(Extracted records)
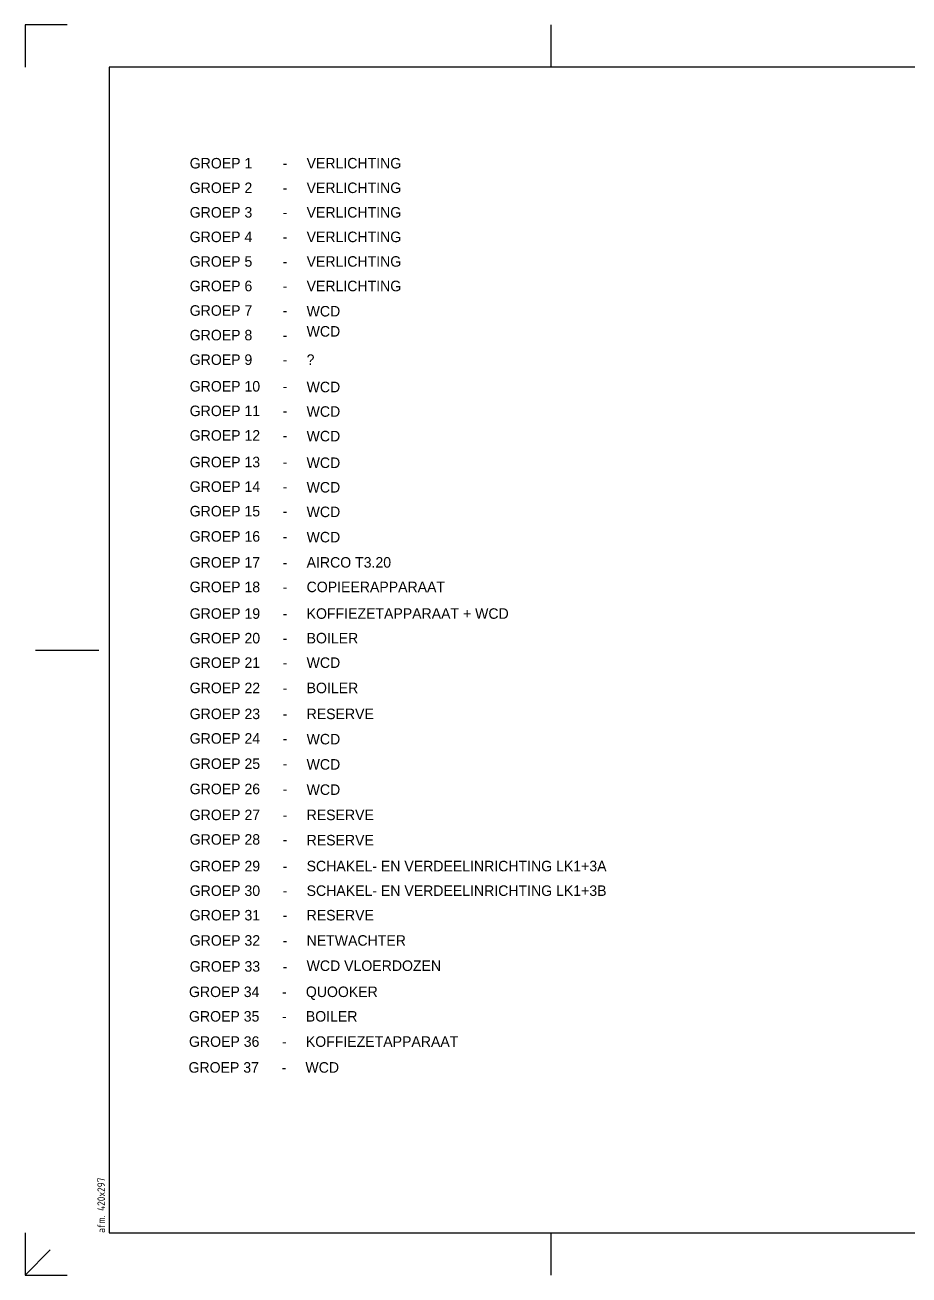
# Model space of a CAD drawing. Header units: millimetres. Extents: x 0 to 420, y 0 to 297.
# Drawn here: x 0 to 210, y 0 to 297 of the extents above; entities that cross this region are included whole.
import ezdxf

# ---------------------------------------------------------------- set-up
doc = ezdxf.new("R2010")
doc.units = ezdxf.units.MM
for name, color, linetype in [('00att018', 1, 'CONTINUOUS'), ('00kad018', 1, 'CONTINUOUS'), ('00kad070', 5, 'CONTINUOUS'), ('BL$2----_KADER', 7, 'CONTINUOUS'), ('EL6-----', 7, 'CONTINUOUS')]:
    doc.layers.add(name, color=color, linetype=linetype)
doc.styles.add('BURO-035', font='BUROFONT.shx', dxfattribs={"height": 3.5})
doc.styles.add('ISO', font='isocp.shx')

# ---------------------------------------------------------------- blocks, each defined once
blk = doc.blocks.new('a3-windesheim-hor')
at = {"layer": '00kad018', "color": 1}
for p, q in [((0, 297), (0, 287)), ((10, 297), (0, 297)), ((125, 287), (125, 297)), ((2.5, 148.5), (17.5, 148.5)), ((0, 10), (0, 0)), ((125, 0), (125, 10)), ((0, 0), (6, 6)), ((0, 0), (10, 0))]:
    blk.add_line(p, q, dxfattribs=at)
at = {"layer": '00kad070', "color": 5}
for p, q in [((20, 287), (20, 10)), ((410, 287), (20, 287)), ((20, 10), (410, 10))]:
    blk.add_line(p, q, dxfattribs=at)
at = {"layer": '00att018', "color": 1, "style": 'ISO'}
blk.add_text('afm. 420x297', height=1.8, rotation=90, dxfattribs=at).set_placement((19, 10))

msp = doc.modelspace()

# ---------------------------------------------------------------- block references
at = {"layer": 'BL$2----_KADER'}
msp.add_blockref('a3-windesheim-hor', (0, 0), dxfattribs=at)

# ---------------------------------------------------------------- texts
at = {"layer": 'EL6-----', "color": 2, "style": 'BURO-035'}
for s, p in [('GROEP 1', (39.13, 262.91)), ('VERLICHTING', (66.9, 262.91)), ('-', (61.23, 262.91)), ('GROEP 2', (39.13, 257.07)), ('VERLICHTING', (66.9, 257.07)), ('-', (61.23, 257.07)), ('GROEP 3', (39.13, 251.24)), ('VERLICHTING', (66.9, 251.24)), ('-', (61.23, 251.24)), ('GROEP 4', (39.13, 245.41)), ('-', (61.23, 245.41)), ('VERLICHTING', (66.9, 245.41)), ('GROEP 5', (39.13, 239.57)), ('-', (61.23, 239.57)), ('VERLICHTING', (66.9, 239.57)), ('GROEP 6', (39.13, 233.74)), ('-', (61.23, 233.74)), ('VERLICHTING', (66.9, 233.74)), ('GROEP 7', (39.13, 227.91)), ('-', (61.23, 227.91)), ('WCD', (66.9, 227.74)), ('GROEP 8', (39.13, 222.07)), ('-', (61.23, 222.07)), ('WCD', (66.9, 222.96)), ('GROEP 9', (39.13, 216.24)), ('-', (61.23, 216.24)), ('?', (66.9, 216.24)), ('GROEP 10', (39.13, 209.91)), ('-', (61.23, 209.91)), ('WCD', (66.9, 209.74)), ('GROEP 11', (39.13, 204.07)), ('-', (61.23, 204.07)), ('WCD', (66.9, 203.91)), ('GROEP 12', (39.13, 198.24)), ('-', (61.23, 198.24)), ('WCD', (66.9, 198.07)), ('GROEP 13', (39.13, 191.91)), ('WCD', (66.9, 191.74)), ('-', (61.23, 191.91)), ('GROEP 14', (39.13, 186.07)), ('-', (61.23, 186.07)), ('WCD', (66.9, 185.91)), ('GROEP 15', (39.13, 180.24)), ('-', (61.23, 180.24)), ('WCD', (66.9, 180.07)), ('GROEP 16', (39.13, 174.24)), ('-', (61.23, 174.24)), ('WCD', (66.9, 174.07)), ('GROEP 17', (39.13, 168.07)), ('AIRCO T3.20', (66.9, 168.07)), ('-', (61.23, 168.07)), ('GROEP 18', (39.13, 162.24)), ('COPIEERAPPARAAT', (66.9, 162.24)), ('-', (61.23, 162.24)), ('GROEP 19', (39.13, 155.91)), ('KOFFIEZETAPPARAAT + WCD ', (66.9, 155.91)), ('-', (61.23, 155.91)), ('GROEP 20', (39.13, 150.07)), ('BOILER', (66.9, 150.07)), ('-', (61.23, 150.07)), ('GROEP 21', (39.13, 144.24)), ('WCD', (66.9, 144.24)), ('-', (61.23, 144.24)), ('GROEP 22', (39.13, 138.24)), ('BOILER', (66.9, 138.24)), ('-', (61.23, 138.24)), ('GROEP 23', (39.13, 132.07)), ('RESERVE', (66.9, 132.07)), ('-', (61.23, 132.07)), ('GROEP 24', (39.13, 126.24)), ('WCD', (66.9, 126.07)), ('-', (61.23, 126.24)), ('GROEP 25', (39.13, 120.24)), ('WCD', (66.9, 120.07)), ('-', (61.23, 120.24)), ('GROEP 26', (39.13, 114.24)), ('WCD', (66.9, 114.07)), ('-', (61.23, 114.24)), ('GROEP 27', (39.13, 108.07)), ('RESERVE', (66.9, 108.07)), ('-', (61.23, 108.07)), ('GROEP 28', (39.13, 102.24)), ('RESERVE', (66.9, 102.07)), ('-', (61.23, 102.24)), ('GROEP 29', (39.13, 95.91)), ('SCHAKEL- EN VERDEELINRICHTING LK1+3A', (66.9, 95.91)), ('-', (61.23, 95.91)), ('GROEP 30', (39.13, 90.07)), ('SCHAKEL- EN VERDEELINRICHTING LK1+3B', (66.9, 90.07)), ('-', (61.23, 90.07)), ('GROEP 31', (39.13, 84.24)), ('RESERVE', (66.9, 84.24)), ('-', (61.23, 84.24)), ('GROEP 32', (39.13, 78.24)), ('NETWACHTER', (66.9, 78.24)), ('-', (61.23, 78.24)), ('GROEP 33', (39.13, 72.07)), ('WCD VLOERDOZEN', (66.9, 72.24)), ('-', (61.23, 72.07)), ('GROEP 34', (38.96, 66.04)), ('QUOOKER', (66.72, 66.04)), ('-', (61.05, 66.04)), ('GROEP 35', (38.96, 60.21)), ('BOILER', (66.72, 60.21)), ('-', (61.05, 60.21)), ('GROEP 36', (38.96, 54.21)), ('KOFFIEZETAPPARAAT', (66.72, 54.21)), ('-', (61.05, 54.21)), ('GROEP 37', (38.85, 48.07)), ('WCD', (66.62, 48.07)), ('-', (60.95, 48.07))]:
    msp.add_text(s, height=2.5, dxfattribs=at).set_placement(p)

doc.saveas('drawing.dxf')

Exercise description: Some lines of the data above may hold the word "height"; state how many do, and give only that number.

Answer for the task: 3